Publié le 18 janvier 2015 | par Comité STAT

Présentation du groupe Facebook Chroniques d’une mort en santé

Alors que ça coupe sur nos unités, c’est à nous de se raconter simplement et sans censure ce qui s’y passe au quotidien. Chroniques d’une mort en santé désire vivre des témoignages et des discussions entre travailleurs et travailleuses de la santé tous métiers confondus. Nous cherchons les sentiments, les visages et les histoires qui se cachent sous les millions de compressions et les centaines de coupures de postes.

Chaque lundi du nouveau contenu sera publié sur la page, principalement des textes liés à nos expériences en milieu de travail et à une question obsédante: comment résister à la dégradation de nos conditions de travail? Est-ce encore possible? Comment? Pour quoi serions-nous prêts et prêtes à lutter? Et jusque où?

Ce qui nous étouffe

Le front commun actuel a comme objectif prioritaire les salaires et ne dit rien sur les réorganisations qui nous passent dessus continuellement et qui ne feront que s’accélérer avec les présentes coupures. Début janvier, un syndicat local de l’APTS annonce qu’il se retire d’un processus d’optimisation parce que celui-ci ne suscite pas l’adhésion des membres. Doit-on comprendre que pendant que le front commun se met en branle, tandis qu’il hurle à l’austérité à l’aube de coupes massives les syndicats sont encore assis à côté de l’employeur à des tables de réorganisations? Le gouvernement tente d’ailleurs au sein des présentes négos d’échanger des augmentations salariales contre la participation des centrales à ces processus d’optimisation et donc, ultimement à d’autres coupures de postes.

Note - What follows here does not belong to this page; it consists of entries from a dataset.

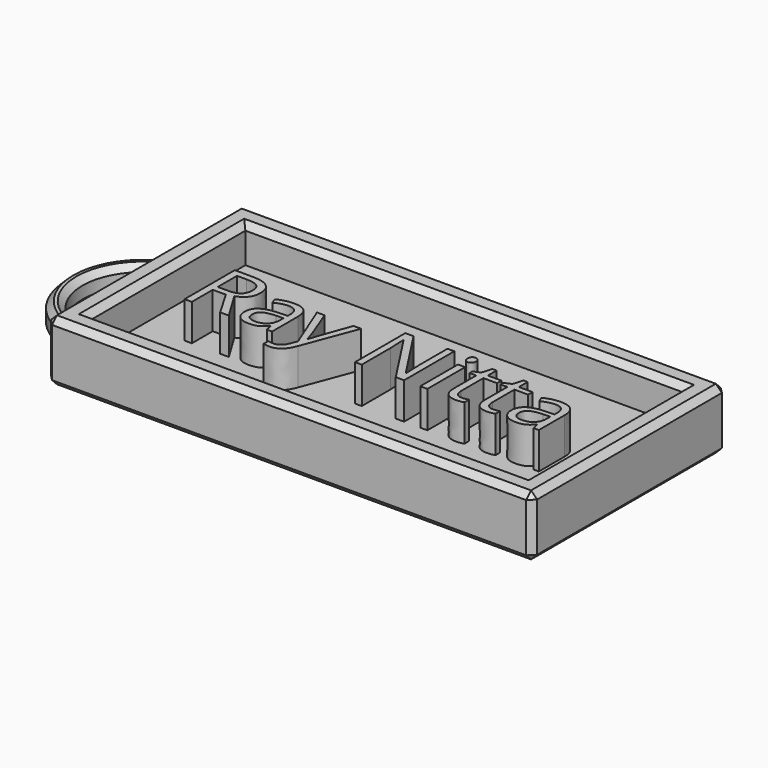
from build123d import *

# Parameters (mm, degrees)
F0_W         = 101.6
F0_H         = 50.8
F1_DEPTH     = 12.7
F2_T         = -5.08
F3_TEXT_SIZE = 18.379020427
F4_DEPTH     = 7.62
F6_DEPTH     = 5.08
F7_SIZE      = 1.27


# Not quite as in the source:
# - Text() gives the source's letters only with a copy of the font that has no kerning and outlines rounded to 1/6400 em; it was checked with that copy


with BuildPart() as f1:
    # F0 (on Top) → F1 (new body)
    with BuildSketch(Plane.XY):
        Rectangle(F0_W, F0_H)
    extrude(amount=F1_DEPTH)

    # F2
    f2_openings = [f1.faces().sort_by_distance(p)[0] for p in [
        (0, 0, 12.7),
    ]]
    offset(amount=F2_T, openings=f2_openings)

    # F3 (on face) → F4 (join, through all)
    with BuildSketch(Plane.XY.offset(5.08)):
        with Locations((-38.6228599673, -6.691722665)):
            Text('Ray Nitta', F3_TEXT_SIZE, font='Open Sans', text_align=(TextAlign.LEFT, TextAlign.BOTTOM))
    extrude(amount=F4_DEPTH)

    # F5 (on Top) → F6 (join)
    with BuildSketch(Plane.XY):
        with BuildLine():
            ThreePointArc((-50.8, 15.875), (-66.675, 0), (-50.8, -15.875))
            Line((-50.8, -15.875), (-50.8, -12.7))
            ThreePointArc((-50.8, -12.7), (-63.5, 0), (-50.8, 12.7))
            Line((-50.8, 12.7), (-50.8, 15.875))
        make_face()
    extrude(amount=F6_DEPTH)

    # F7
    f7_edges = [f1.edges().sort_by_distance(p)[0] for p in [
        (50.8, 0, 12.7),
        (0, 25.4, 12.7),
        (-50.8, 0, 12.7),
        (0, -25.4, 12.7),
        (45.72, 0, 12.7),
        (0, -20.32, 12.7),
        (-45.72, 0, 12.7),
        (0, 20.32, 12.7),
        (50.8, 0, 0),
        (0, 25.4, 0),
        (-50.8, 20.6375, 0),
        (-66.675, 0, 0),
        (-50.8, -20.6375, 0),
        (0, -25.4, 0),
        (-50.8, 0, 0),
        (-63.5, 0, 0),
        (-50.8, 25.4, 6.35),
        (50.8, 25.4, 6.35),
        (50.8, -25.4, 6.35),
        (-50.8, -25.4, 6.35),
        (-66.675, 0, 5.08),
        (-63.5, 0, 5.08),
    ]]
    chamfer(f7_edges, length=F7_SIZE)


solid = f1.part
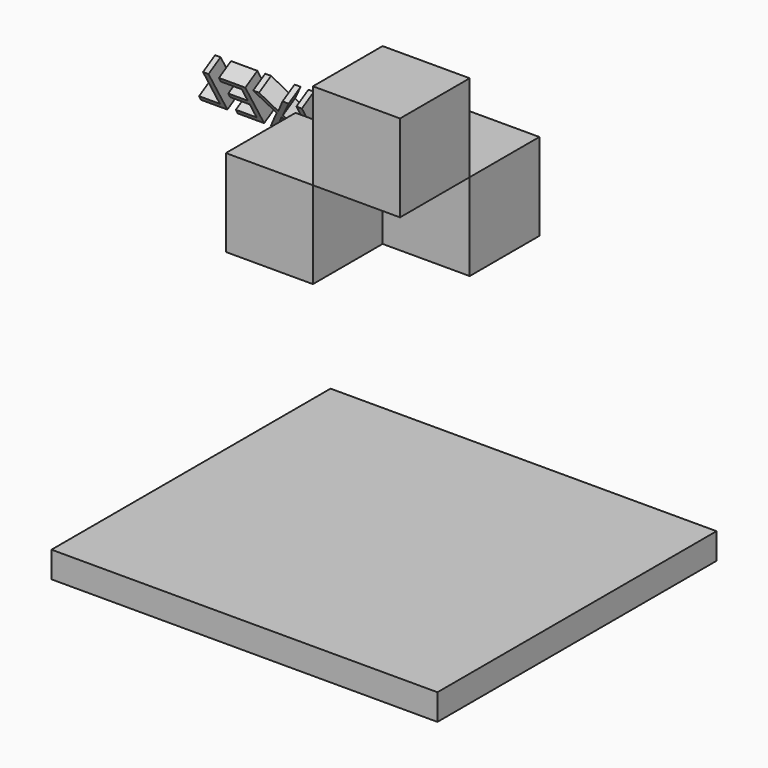
from build123d import *

# Parameters (mm, degrees)
F0_W         = 10
F0_H         = 10
F1_DEPTH     = 10
F2_W         = 10
F2_H         = 10
F3_DEPTH     = 10
F4_W         = 10
F4_H         = 10
F5_DEPTH     = 10
F7_TEXT_SIZE = 7.5929292103
F8_DEPTH     = 2
F9_ANGLE     = 30
F12_W        = 44.3192766979
F12_H        = 40.0548800826
F13_DEPTH    = 3


# Not quite as in the source:
# - Text() gives the source's letters only with a copy of the font that has no kerning and outlines rounded to 1/6400 em; it was checked with that copy


with BuildPart() as f1:
    # F0 (on Front) → F1 (new body)
    with BuildSketch(Plane.XZ):
        Rectangle(F0_W, F0_H)
    extrude(amount=F1_DEPTH)


with BuildPart() as f3:
    # F2 (on face) → F3 (new body)
    with BuildSketch(Plane(origin=(-5, 0, 0), x_dir=(0, -1, 0), z_dir=(-1, 0, 0))):
        with Locations((15, 10)):
            Rectangle(F2_W, F2_H)
    extrude(amount=-F3_DEPTH)


with BuildPart() as f5:
    # F4 (on face) → F5 (new body)
    with BuildSketch(Plane(origin=(-5, 0, 0), x_dir=(0, -1, 0), z_dir=(-1, 0, 0))):
        with Locations((15, 0)):
            Rectangle(F4_W, F4_H)
    extrude(amount=F5_DEPTH)


with BuildPart() as f8:
    # F7 (on offset) → F8 (new body)
    with BuildSketch(Plane(origin=(0, -5, 0), x_dir=(-1, 0, 0), z_dir=(0, 1, 0))):
        with Locations((8.0287111923, -4.2550959624)):
            Text('TRIXEL', F7_TEXT_SIZE, font='Open Sans', text_align=(TextAlign.LEFT, TextAlign.BOTTOM))
    extrude(amount=F8_DEPTH)


with BuildPart() as f8_1:
    # F9: moved
    add(f8.part.rotate(Axis((-10, -10, -5), (1, 0, 0)), F9_ANGLE))


with BuildPart() as f8_2:
    # F10: moved
    add(f8_1.part.moved(Location((0, 3, 0))))


with BuildPart() as f13:
    # F12 (on offset) → F13 (new body)
    with BuildSketch(Plane(origin=(0, 0, -35), x_dir=(1, 0, 0), z_dir=(0, 0, -1))):
        with Locations((-4.9361721613, 9.8794102669)):
            Rectangle(F12_W, F12_H)
    extrude(amount=F13_DEPTH)


solid = Compound([f1.part, f3.part, f5.part, f8_2.part, f13.part])

La loi 10 ajoute au chaos. En quoi touchera-t-elle ce que nous sommes en train de négocier? Et puis lorsqu’elle sera effective, il faudra que les membres d’une même catégorie syndicale des différents milieux fusionnés choisissent leur allégeance syndicale. En plein front commun les centrale doivent se préparer au maraudage.

Et puis il y a nous, fatigués, unis dans le travail et souvent désunis dans ce qui le dépasse. Traumatisées par 99 et par le mot grève en général. Rejetant le blâme sur les syndicats sans sérieusement réfléchir à ce qui peut être fait et surtout à notre propre responsabilité là-dedans. À cause entre autres de la conviction intime de notre impuissance qu’aucun slogan, qu’aucune manif ne va renverser. Même s’il faut que ça soit renversé, pour ce travail qu’on veut faire ensemble longtemps.

Pour collaborer

Si vous désirez être publié dans le nouveau contenu du lundi sur la page et que votre texte soit mis en évidence afin d’alimenter une discussion, contactez-nous : comitestat@gmail.com Nous vous invitons à jeter un coup d’oeil aux balises des textes qui ont été établis pour notre journal Condition Critique.

Une multitude de formes et de sujets sont possibles: Texte, dessin, poésie, vidéo, témoignage ou partage d’informations sur ce qui a lieu dans votre milieu de travail, réflexion, réaction à l’actualité…

Les récits de patients et de patientes sont les bienvenus. Les gestionnaires eux ne le sont pas à moins de vouloir livrer des témoignages sur les coupes subies ou imposées.

Les règles du groupe

Ce groupe encourage fortement les débats, en autant que ce soit dans le respect et réagira immédiatement à toute forme de discrimination. Nous vous invitons à consulter la section principes de notre site pour plus de détails.

Nous ne sommes pas une plateforme de publicité pour des événements, des organisations ou des partis. Nous ne souhaitons pas non plus relayer des articles de presse sans introduction ni analyse.